I’ve been working on Hybrid Search using Weaviate. I use OpenAI’s latest embeddings model, and then some other stuff. So, the problem is, for some queries, I would like to focus on specific properties while for others, I would like to focus on other properties more. I also have 2 axes on which I want to rank the recommendations - relevance and excellence.
Relevance would be how relevant they are to my search, and excellence would be how excellent the “document” is based on some score that I give it.
So far, the things I’ve tried are:
- Cohere reranking. I saw that v3 reranking gave marginally better results for short queries than the “Hybrid Score” for Weaviate
- For shorter queries, I do more of a keyword search and for longer queries, more of a semantic search (shifting the alpha value based on word count)
- Assigning weights for keyword search in Weaviate
- Tried using a linear combination of my in house eval and relevancy (reranked score/hybrid score) and sorted based on that. This didnt really provide satisfactory results at all.
Are there any suggestions based on which I could try improving the Search results? I want:
- To be able to “understand” what the query is for, and focus on that property more in my vector DB schema for the search
- For common queries, I want to be able to surface more “excellent” recommendations, as if its common, rather than focusing on very very relevant stuff, if it meets a certain level of relevancy and then is really excellent, that is the best way to go and looks really good in search results
- For larger/more niche queries, focus on the relevancy a lot more
- I think fine tuning Cohere’s reranking model might be an option here?
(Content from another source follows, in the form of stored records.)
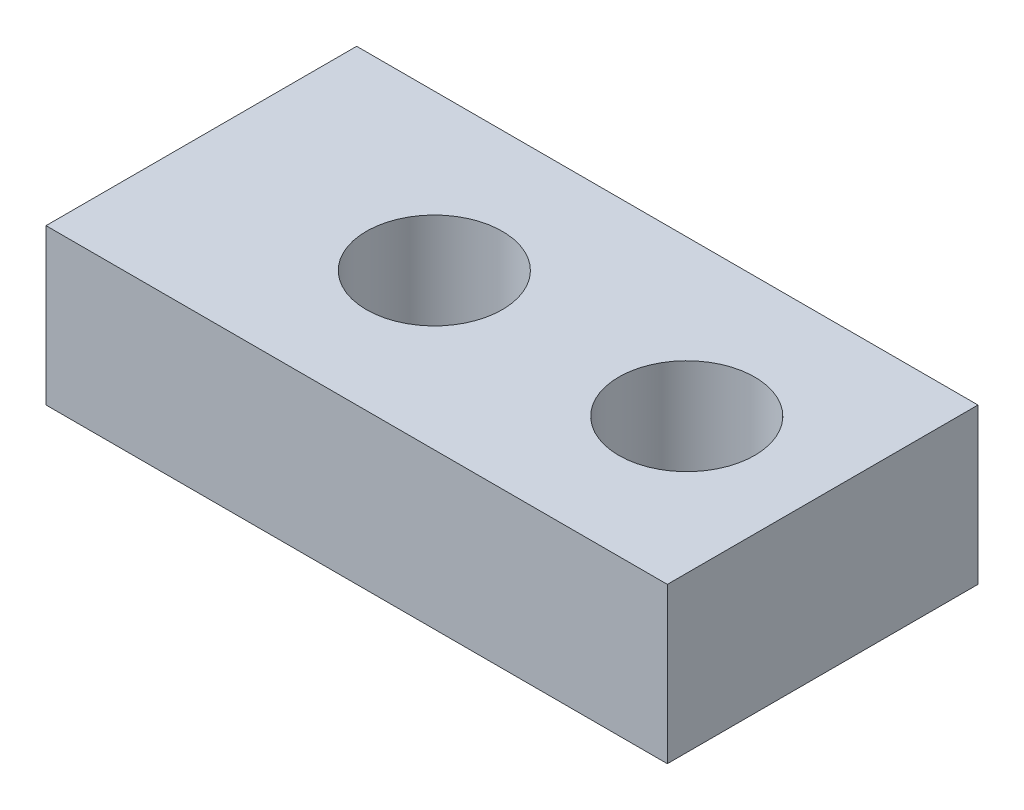
from build123d import *

# Parameters (mm, degrees)
SKETCH1_W           = 25.4
SKETCH1_H           = 12.7
BOSS_EXTRUDE2_DEPTH = 6.35
SKETCH2_R           = 2.778125
CUT_EXTRUDE1_DEPTH  = 6.35


with BuildPart() as part:
    # Sketch1 → Boss-Extrude2 (new body)
    with BuildSketch(Plane(origin=(0, 0, 0), x_dir=(1, 0, 0), z_dir=(0, 1, 0))):
        with Locations((12.7, 6.35)):
            Rectangle(SKETCH1_W, SKETCH1_H)
    extrude(amount=BOSS_EXTRUDE2_DEPTH)

    # Sketch2 → Cut-Extrude1 (cut)
    with BuildSketch(Plane(origin=(0, 6.35, 0), x_dir=(1, 0, 0), z_dir=(0, 1, 0))):
        with Locations(Location((19.84375, 6.35, 0), (0, 0, 270))):
            Circle(SKETCH2_R)
        with Locations(Location((9.525, 6.35, 0), (0, 0, 270))):
            Circle(SKETCH2_R)
    extrude(amount=-CUT_EXTRUDE1_DEPTH, mode=Mode.SUBTRACT)


solid = part.part
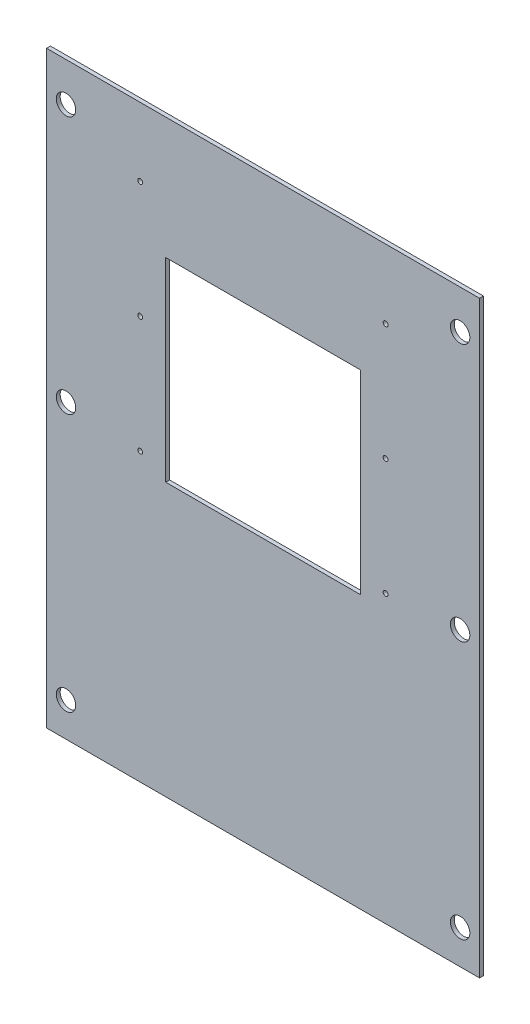
from build123d import *

# Parameters (mm, degrees)
SKETCH1_W           = 282.575
SKETCH1_H           = 384.175
SKETCH1_R           = 6.35
SKETCH1_R_2         = 1.5875
SKETCH1_W_2         = 127
SKETCH1_H_2         = 127
BOSS_EXTRUDE1_DEPTH = 2.54


with BuildPart() as part:
    # Sketch1 → Boss-Extrude1 (new body)
    with BuildSketch(Plane.XY):
        Rectangle(SKETCH1_W, SKETCH1_H)
        with Locations((-128.5875, 166.6875)):
            Circle(SKETCH1_R, mode=Mode.SUBTRACT)
        with Locations((-128.5875, -1.5875)):
            Circle(SKETCH1_R, mode=Mode.SUBTRACT)
        with Locations((-128.5875, -169.8625)):
            Circle(SKETCH1_R, mode=Mode.SUBTRACT)
        with Locations((128.5875, -1.5875)):
            Circle(SKETCH1_R, mode=Mode.SUBTRACT)
        with Locations((128.5875, 166.6875)):
            Circle(SKETCH1_R, mode=Mode.SUBTRACT)
        with Locations((128.5875, -169.8625)):
            Circle(SKETCH1_R, mode=Mode.SUBTRACT)
        with Locations((-80.175152311, 147.376386757)):
            Circle(SKETCH1_R_2, mode=Mode.SUBTRACT)
        with Locations((-80.175152311, 71.176386757)):
            Circle(SKETCH1_R_2, mode=Mode.SUBTRACT)
        with Locations((-80.175152311, -5.023613243)):
            Circle(SKETCH1_R_2, mode=Mode.SUBTRACT)
        with Locations((79.970650499, -5.395164494)):
            Circle(SKETCH1_R_2, mode=Mode.SUBTRACT)
        with Locations((79.970650499, 70.804835506)):
            Circle(SKETCH1_R_2, mode=Mode.SUBTRACT)
        with Locations((79.970650499, 147.004835506)):
            Circle(SKETCH1_R_2, mode=Mode.SUBTRACT)
        with Locations((-0.006402311, 49.2125)):
            Rectangle(SKETCH1_W_2, SKETCH1_H_2, mode=Mode.SUBTRACT)
    extrude(amount=BOSS_EXTRUDE1_DEPTH)


solid = part.part

- How do I factor in the excellence?
What are my options here, and where do I go from here? Also, I’ve been checking distributions of scores that are returned from Weaviate upon the hybrid search, and I see that in lot of cases, if, say, I return the top 800 people from my query, most of them (~500-700) fall in the range of <0.3 vector/keyword scores or they do not have keyword/vector scores at all in which case one score is just 0.
What are my options here? Also, will making more than one schema help? Currently, I have all properties in one schema for my objects, so will making different schemas and trying to aggregate scores by performing parallel queries help?